## Task statement:
From the entries below, return exactly the lines beginning at the one that contains "17.0036780472), (-9.750799418, 20.0744152471))" and ending at the one that contains "10.87760191), (-2.125, 9.375))", both of them included, and only those lines.

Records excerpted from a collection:
--

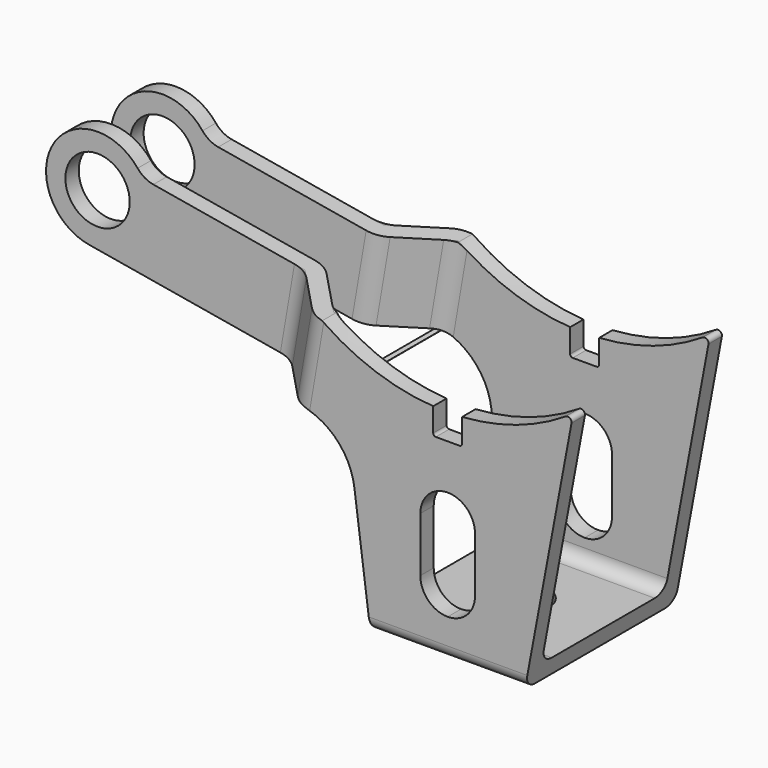
from build123d import *

# Parameters (mm, degrees)
F1_DEPTH       = 7.3
F1_DEPTH_BACK  = 7.3
F3_DEPTH       = 6
F3_DEPTH_BACK  = 6
F5_DEPTH       = 10
F5_DEPTH_BACK  = 10
F8_DEPTH       = 25
F9_R           = 2.5
F10_DEPTH      = 10
F10_DEPTH_BACK = 10
F11_T1_DEPTH   = 6.5
F11_T6_DEPTH   = 12.7132034356
F11_S7_R       = 5
F11_T8_DEPTH   = 8
F11_S10_R      = 17
F11_T11_DEPTH  = 8
F11_T15_DEPTH  = 8.5710678119
F11_T20_DEPTH  = 12.7132034356
F11_S21_R      = 5
F11_T22_DEPTH  = 8
F11_S24_R      = 17
F11_T25_DEPTH  = 8
F11_T29_DEPTH  = 8.5710678119
F11_T31_DEPTH  = 10.6421356237
F12_R          = 1
F13_R          = 2
F14_DEPTH      = 5


# Not quite as in the source:
# - a fillet or chamfer that OpenCascade refuses, or shapes differently, is made with other operations: its cross-section is extruded or revolved along the edge and cut away or added


with BuildPart() as f1:
    # F0 (on Front) → F1 (new body, two sides)
    with BuildSketch(Plane.XZ) as f1_sk:
        with BuildLine():
            Line((-7.2480415045, 9.479816391), (-6, 0))
            Line((-6, 0), (6, 0))
            Line((6, 0), (9.6197658273, 19.3731186918))
            ThreePointArc((9.6197658273, 19.3731186918), (9.492555749, 19.6769779623), (9.1631662961, 19.6809084286))
            ThreePointArc((9.1631662961, 19.6809084286), (-0.3536100614, 17.0036780472), (-9.750799418, 20.0744152471))
            Line((-9.750799418, 20.0744152471), (-25.666835692, 22.7954629152))
            ThreePointArc((-25.666835692, 22.7954629152), (-26.3420622378, 23.0419468668), (-26.8865335991, 23.511240126))
            ThreePointArc((-26.8865335991, 23.511240126), (-33.4498266444, 23.0245236782), (-30.6740705867, 17.0572054525))
            Line((-30.6740705867, 17.0572054525), (-11.362677578, 13.7556786143))
            ThreePointArc((-11.362677578, 13.7556786143), (-8.6024605414, 12.2941429125), (-7.2480415045, 9.479816391))
        make_face()
    extrude(amount=F1_DEPTH)
    extrude(f1_sk.sketch, amount=-F1_DEPTH_BACK)

    # F2 (on Front) → F3 (cut, two sides)
    with BuildSketch(Plane.XZ) as f3_sk:
        Polygon((15, 1.3), (15, 78.0352148958), (0, 78.0352148958), (-11, 13.6936742961), (-11, 1.3), align=None)
    extrude(amount=F3_DEPTH, mode=Mode.SUBTRACT)
    extrude(f3_sk.sketch, amount=-F3_DEPTH_BACK, mode=Mode.SUBTRACT)

    # F4 (on Front) → F5 (cut, two sides)
    with BuildSketch(Plane.XZ) as f5_sk:
        with BuildLine():
            Line((0, 18), (-1.125, 18))
            Line((-1.125, 18), (-1.125, 15.2))
            ThreePointArc((-1.125, 15.2), (-1.0664213562, 15.0585786438), (-0.925, 15))
            Line((-0.925, 15), (0, 15))
            Line((0, 15), (0.925, 15))
            ThreePointArc((0.925, 15), (1.0664213562, 15.0585786438), (1.125, 15.2))
            Line((1.125, 15.2), (1.125, 18))
            Line((1.125, 18), (0, 18))
        make_face()
        with BuildLine():
            ThreePointArc((0, 11.5), (-1.50260191, 10.87760191), (-2.125, 9.375))
            Line((-2.125, 9.375), (-2.125, 5.125))
            ThreePointArc((-2.125, 5.125), (-1.50260191, 3.62239809), (0, 3))
            ThreePointArc((0, 3), (1.50260191, 3.62239809), (2.125, 5.125))
            Line((2.125, 5.125), (2.125, 9.375))
            ThreePointArc((2.125, 9.375), (1.50260191, 10.87760191), (0, 11.5))
        make_face()
    extrude(amount=F5_DEPTH, mode=Mode.SUBTRACT)
    extrude(f5_sk.sketch, amount=-F5_DEPTH_BACK, mode=Mode.SUBTRACT)

    # F7 (on offset) → F8 (cut)
    with BuildSketch(Plane(origin=(1.9622434031, 0, 11.4776148716), x_dir=(0.9856986369, 0, -0.1685176467), z_dir=(-0.1685176467, 0, -0.9856986369))):
        Polygon((-41.9907133171, -7.3), (-13.6887884036, -7.3), (-17.1887884036, -3.8), (-41.9907133171, -3.8), align=None)
        Polygon((-41.9907133171, 7.3), (-41.9907133171, 3.8), (-17.1887884036, 3.8), (-13.6887884036, 7.3), align=None)
        Polygon((-16.6503107725, -2.5), (-13.1503107725, -6), (-13.1503107725, 0), (-13.1503107725, 6), (-16.6503107725, 2.5), (-41.9907133171, 2.5), (-41.9907133171, 0), (-41.9907133171, -2.5), align=None)
    extrude(amount=-F8_DEPTH, mode=Mode.SUBTRACT)

    # F9 (on Front) → F10 (cut, two sides)
    with BuildSketch(Plane.XZ) as f10_sk:
        with Locations((-30, 21)):
            Circle(F9_R)
    extrude(amount=F10_DEPTH, mode=Mode.SUBTRACT)
    extrude(f10_sk.sketch, amount=-F10_DEPTH_BACK, mode=Mode.SUBTRACT)

    # F11: fillet of radius 2 on 8 edges, made by hand

    # F11_s2 → F11_t1 (join)
    with BuildSketch(Plane(origin=(1.9622434031, 0, 11.4776148716), x_dir=(0, 1, 0), z_dir=(0.1685176467, 0, 0.9856986369))):
        with BuildLine():
            ThreePointArc((3.8, 18.0172155284), (3.952240935, 17.2518486636), (4.3857864376, 16.603001966))
            Line((4.3857864376, 16.603001966), (3.8, 17.1887884036))
            Line((3.8, 17.1887884036), (3.8, 18.0172155284))
        make_face()
        with BuildLine():
            ThreePointArc((-4.3857864376, 16.603001966), (-3.952240935, 17.2518486636), (-3.8, 18.0172155284))
            Line((-3.8, 18.0172155284), (-3.8, 17.1887884036))
            Line((-3.8, 17.1887884036), (-4.3857864376, 16.603001966))
        make_face()
    extrude(amount=F11_T1_DEPTH)


with BuildPart() as f11_tool4:
    # F11_s5 → F11_t6 (new body)
    with BuildSketch(Plane(origin=(3.0576081065, 0, 17.8846560114), x_dir=(0, 1, 0), z_dir=(-0.1685176467, 0, -0.9856986369))):
        with BuildLine():
            ThreePointArc((-6, -12.3218836478), (-5.847759065, -13.0872505125), (-5.4142135624, -13.7360972102))
            Line((-5.4142135624, -13.7360972102), (-6, -13.1503107725))
            Line((-6, -13.1503107725), (-6, -12.3218836478))
        make_face()
    extrude(amount=F11_T6_DEPTH)

    # F11_s7 → F11_t8 (cut, symmetric)
    with BuildSketch(Plane.XZ.offset(5.7)):
        with Locations((-12.2052658114, 8.8271854299)):
            Circle(F11_S7_R)
    extrude(amount=F11_T8_DEPTH, both=True, mode=Mode.SUBTRACT)

    split(bisect_by=Plane.YZ.offset(-11), keep=Keep.TOP)

    # F11_s10 → F11_t11 (cut, symmetric)
    with BuildSketch(Plane.XZ.offset(5.7)):
        with Locations((0, 34)):
            Circle(F11_S10_R)
    extrude(amount=F11_T11_DEPTH, both=True, mode=Mode.SUBTRACT)


with BuildPart() as f1_1:
    add(f1.part)

    # F11_t3: union F11_tool4
    add(f11_tool4.part)


with BuildPart() as f11_tool13:
    # F11_s14 → F11_t15 (new body)
    with BuildSketch(Plane(origin=(3.4066195803, 0, 19.9261047304), x_dir=(0, 1, 0), z_dir=(-0.1685176467, 0, -0.9856986369))):
        with BuildLine():
            ThreePointArc((-6, -12.3218836478), (-5.847759065, -13.0872505125), (-5.4142135624, -13.7360972102))
            Line((-5.4142135624, -13.7360972102), (-6, -13.1503107725))
            Line((-6, -13.1503107725), (-6, -12.3218836478))
        make_face()
    extrude(amount=F11_T15_DEPTH)

    split(bisect_by=Plane.YZ.offset(-11), keep=Keep.BOTTOM)


with BuildPart() as f1_2:
    add(f1_1.part)

    # F11_t12: union F11_tool13
    add(f11_tool13.part)


with BuildPart() as f11_tool18:
    # F11_s19 → F11_t20 (new body)
    with BuildSketch(Plane(origin=(3.0576081065, 0, 17.8846560114), x_dir=(0, 1, 0), z_dir=(-0.1685176467, 0, -0.9856986369))):
        with BuildLine():
            ThreePointArc((6, -12.3218836478), (5.847759065, -13.0872505125), (5.4142135624, -13.7360972102))
            Line((5.4142135624, -13.7360972102), (6, -13.1503107725))
            Line((6, -13.1503107725), (6, -12.3218836478))
        make_face()
    extrude(amount=F11_T20_DEPTH)

    # F11_s21 → F11_t22 (cut, symmetric)
    with BuildSketch(Plane.XZ.offset(-5.7)):
        with Locations((-12.2052658114, 8.8271854299)):
            Circle(F11_S21_R)
    extrude(amount=F11_T22_DEPTH, both=True, mode=Mode.SUBTRACT)

    split(bisect_by=Plane.YZ.offset(-11), keep=Keep.TOP)

    # F11_s24 → F11_t25 (cut, symmetric)
    with BuildSketch(Plane.XZ.offset(-5.7)):
        with Locations((0, 34)):
            Circle(F11_S24_R)
    extrude(amount=F11_T25_DEPTH, both=True, mode=Mode.SUBTRACT)


with BuildPart() as f1_3:
    add(f1_2.part)

    # F11_t17: union F11_tool18
    add(f11_tool18.part)


with BuildPart() as f11_tool27:
    # F11_s28 → F11_t29 (new body)
    with BuildSketch(Plane(origin=(3.4066195803, 0, 19.9261047304), x_dir=(0, 1, 0), z_dir=(-0.1685176467, 0, -0.9856986369))):
        with BuildLine():
            ThreePointArc((6, -12.3218836478), (5.847759065, -13.0872505125), (5.4142135624, -13.7360972102))
            Line((5.4142135624, -13.7360972102), (6, -13.1503107725))
            Line((6, -13.1503107725), (6, -12.3218836478))
        make_face()
    extrude(amount=F11_T29_DEPTH)

    split(bisect_by=Plane.YZ.offset(-11), keep=Keep.BOTTOM)


with BuildPart() as f1_4:
    add(f1_3.part)

    # F11_t26: union F11_tool27
    add(f11_tool27.part)

    # F11_s32 → F11_t31 (cut)
    with BuildSketch(Plane(origin=(1.6132319293, 0, 9.4361661525), x_dir=(0, 1, 0), z_dir=(0.1685176467, 0, 0.9856986369))):
        with BuildLine():
            ThreePointArc((6.7142135624, 14.2745748413), (7.147759065, 13.6257281436), (7.3, 12.8603612789))
            Line((7.3, 12.8603612789), (7.3, 13.6887884036))
            Line((7.3, 13.6887884036), (6.7142135624, 14.2745748413))
        make_face()
        with BuildLine():
            ThreePointArc((-2.5, 17.4787378973), (-2.652240935, 16.7133710326), (-3.0857864376, 16.0645243349))
            Line((-3.0857864376, 16.0645243349), (-2.5, 16.6503107725))
            Line((-2.5, 16.6503107725), (-2.5, 17.4787378973))
        make_face()
        with BuildLine():
            ThreePointArc((-6.7142135624, 14.2745748413), (-7.147759065, 13.6257281436), (-7.3, 12.8603612789))
            Line((-7.3, 12.8603612789), (-7.3, 13.6887884036))
            Line((-7.3, 13.6887884036), (-6.7142135624, 14.2745748413))
        make_face()
        with BuildLine():
            ThreePointArc((2.5, 17.4787378973), (2.652240935, 16.7133710326), (3.0857864376, 16.0645243349))
            Line((3.0857864376, 16.0645243349), (2.5, 16.6503107725))
            Line((2.5, 16.6503107725), (2.5, 17.4787378973))
        make_face()
    extrude(amount=F11_T31_DEPTH, mode=Mode.SUBTRACT)

    # F12
    f12_edges = [f1_4.edges().sort_by_distance(p)[0] for p in [
        (0.035875, 6, 1.3),
        (0, -7.3, 0),
        (0.035875, -6, 1.3),
        (0, 7.3, 0),
    ]]
    fillet(f12_edges, radius=F12_R)

    # F13 (on Top) → F14 (cut)
    with BuildSketch(Plane.XY):
        Circle(F13_R)
    extrude(amount=F14_DEPTH, mode=Mode.SUBTRACT)


solid = f1_4.part

--

## Response box:
            ThreePointArc((9.1631662961, 19.6809084286), (-0.3536100614, 17.0036780472), (-9.750799418, 20.0744152471))
            Line((-9.750799418, 20.0744152471), (-25.666835692, 22.7954629152))
            ThreePointArc((-25.666835692, 22.7954629152), (-26.3420622378, 23.0419468668), (-26.8865335991, 23.511240126))
            ThreePointArc((-26.8865335991, 23.511240126), (-33.4498266444, 23.0245236782), (-30.6740705867, 17.0572054525))
            Line((-30.6740705867, 17.0572054525), (-11.362677578, 13.7556786143))
            ThreePointArc((-11.362677578, 13.7556786143), (-8.6024605414, 12.2941429125), (-7.2480415045, 9.479816391))
        make_face()
    extrude(amount=F1_DEPTH)
    extrude(f1_sk.sketch, amount=-F1_DEPTH_BACK)

    # F2 (on Front) → F3 (cut, two sides)
    with BuildSketch(Plane.XZ) as f3_sk:
        Polygon((15, 1.3), (15, 78.0352148958), (0, 78.0352148958), (-11, 13.6936742961), (-11, 1.3), align=None)
    extrude(amount=F3_DEPTH, mode=Mode.SUBTRACT)
    extrude(f3_sk.sketch, amount=-F3_DEPTH_BACK, mode=Mode.SUBTRACT)

    # F4 (on Front) → F5 (cut, two sides)
    with BuildSketch(Plane.XZ) as f5_sk:
        with BuildLine():
            Line((0, 18), (-1.125, 18))
            Line((-1.125, 18), (-1.125, 15.2))
            ThreePointArc((-1.125, 15.2), (-1.0664213562, 15.0585786438), (-0.925, 15))
            Line((-0.925, 15), (0, 15))
            Line((0, 15), (0.925, 15))
            ThreePointArc((0.925, 15), (1.0664213562, 15.0585786438), (1.125, 15.2))
            Line((1.125, 15.2), (1.125, 18))
            Line((1.125, 18), (0, 18))
        make_face()
        with BuildLine():
            ThreePointArc((0, 11.5), (-1.50260191, 10.87760191), (-2.125, 9.375))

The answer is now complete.